C’est le dernier jour de l’été et Anders, en fin de cure de désintoxication, se rend en ville le temps d’une journée pour un entretien d’embauche. L’occasion d’un bilan sur les opportunités manquées, les rêves de jeunesse envolés, et, peut-être, l’espoir d’un nouveau départ…

notes de production

En 1934, Drieu la Rochelle publie un court roman intitulé Feu follet, qui sera adapté par Louis Malle en 1963 sous le même titre (1). Un livre apprécié du réalisateur Joachim Trier : l’intemporalité de cette histoire m’a séduit. C’est l’essence même de l’art de traiter d’un sujet qui résonnera à travers toutes les époques. Les thèmes du roman sont toujours pertinents et contemporains.
(1) avec Maurice Ronet et Jeanne Moreau...
http://fr.wikipedia.org/wiki/Le_Feu_follet_%28film%29

Oslo, 31 août s’intéresse particulièrement à la réinsertion des anciens drogués. Un sujet de société tabou et pourtant toujours d’actualité tant les trafics illicites redoublent d’intensité en Norvège : j’ai fait beaucoup de recherches sur les drogués et sur la manière dont ils tentaient de se réinsérer dans la vie.
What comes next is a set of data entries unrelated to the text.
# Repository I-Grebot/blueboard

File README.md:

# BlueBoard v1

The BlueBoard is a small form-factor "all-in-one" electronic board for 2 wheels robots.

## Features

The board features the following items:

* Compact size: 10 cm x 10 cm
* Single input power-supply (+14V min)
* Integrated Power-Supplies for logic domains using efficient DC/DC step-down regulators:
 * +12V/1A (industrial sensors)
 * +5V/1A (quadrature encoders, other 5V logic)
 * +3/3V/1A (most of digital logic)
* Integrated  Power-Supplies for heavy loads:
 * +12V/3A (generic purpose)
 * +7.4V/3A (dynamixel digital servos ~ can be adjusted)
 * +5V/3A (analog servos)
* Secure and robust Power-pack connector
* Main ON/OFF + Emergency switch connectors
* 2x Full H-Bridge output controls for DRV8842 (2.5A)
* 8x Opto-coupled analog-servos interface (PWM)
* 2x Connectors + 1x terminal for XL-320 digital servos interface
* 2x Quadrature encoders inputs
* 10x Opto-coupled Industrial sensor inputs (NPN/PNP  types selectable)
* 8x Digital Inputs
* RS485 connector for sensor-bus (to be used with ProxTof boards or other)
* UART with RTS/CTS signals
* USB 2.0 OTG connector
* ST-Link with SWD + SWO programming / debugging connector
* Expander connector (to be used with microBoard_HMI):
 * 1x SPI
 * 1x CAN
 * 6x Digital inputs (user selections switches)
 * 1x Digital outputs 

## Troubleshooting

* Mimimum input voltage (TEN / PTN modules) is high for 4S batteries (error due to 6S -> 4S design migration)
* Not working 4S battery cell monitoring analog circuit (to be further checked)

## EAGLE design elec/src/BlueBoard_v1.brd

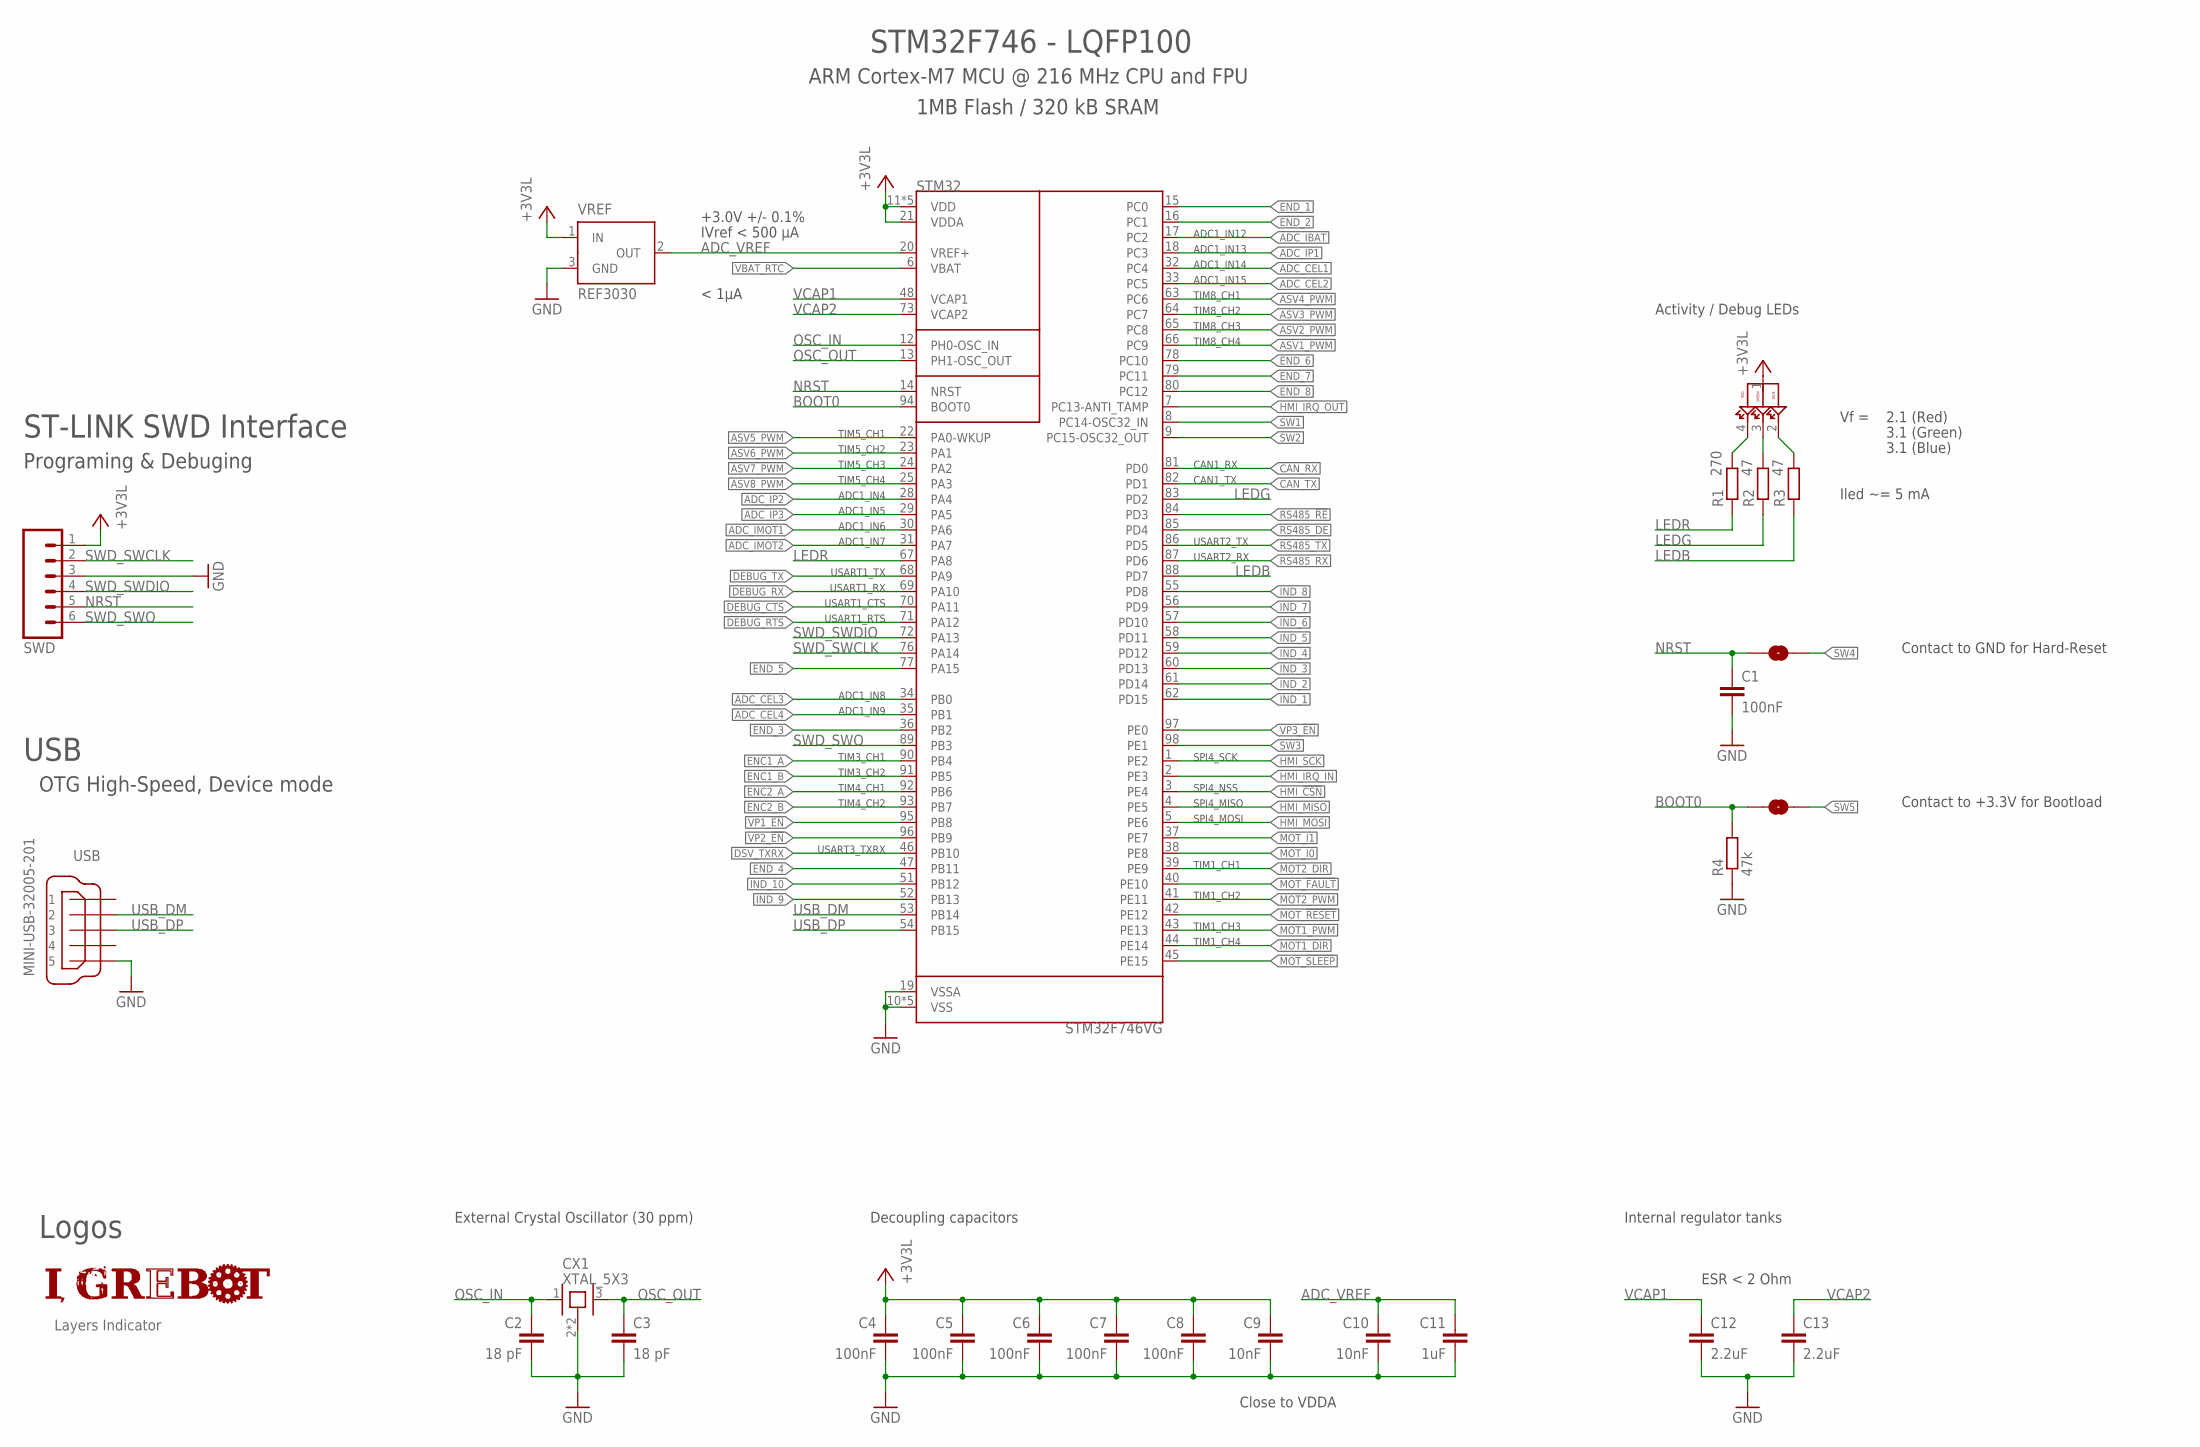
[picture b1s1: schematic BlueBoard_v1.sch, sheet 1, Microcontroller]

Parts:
C1, C4, C5, C6, C7, C8: 100nF; C0603
C2, C3: 18 pF; C0603
C9, C10: 10nF; C0603
C11: 1uF; C0805
C12, C13: 2.2uF; C0805
CX1: XTAL_5X3; CRYSTAL-OSC-SMD-5X3
LED1: ASMB-MTB0-0A3A2; PLCC4
LOGO_IGREBOT: LOGO_IGREBOT12X2MM; IGREBOT_12X2MM
LOGO_LAYERS: LAYERS_CHECK4_LAYERS; LAYERS_CHECK_4
R1: 270; R0603
R2, R3: 47; R0603
R4: 47k; R0603
SJ1, SJ2: SOLDERJUMPERNC2; SJ_2S-NOTRACE
STM32: STM32F746VG; LQFP_100
SWD: M06LOCK; 1X06_LOCK
USB: MINI-USB-32005-201; 32005-201
VREF: REF3030; SOT23

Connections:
+3V3L: C4.1, C5.1, C6.1, C7.1, C8.1, C9.1, LED1.1 (A), STM32.11 (VDD), STM32.21 (VDDA), STM32.27 (VDD), STM32.50 (VDD), STM32.75 (VDD), STM32.100 (VDD), SWD.1, VREF.1 (IN); also elsewhere on the board
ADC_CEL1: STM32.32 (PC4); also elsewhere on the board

A ce moment-là, ils sont aussi vulnérables qu’un bébé : ils naissent une seconde fois à la vie, ils n’en comprennent pas le fonctionnement, sauf qu’ils sont adultes et n’ont pas l’excuse de la jeunesse. En Norvège, l’addiction à la drogue comme la cocaïne et l’héroïne - contrairement à l’alcoolisme - est encore tabou, notamment chez les gens de la classe moyenne. La honte de soi est très forte et les cas de double vie courants, d’après Joachim Trier.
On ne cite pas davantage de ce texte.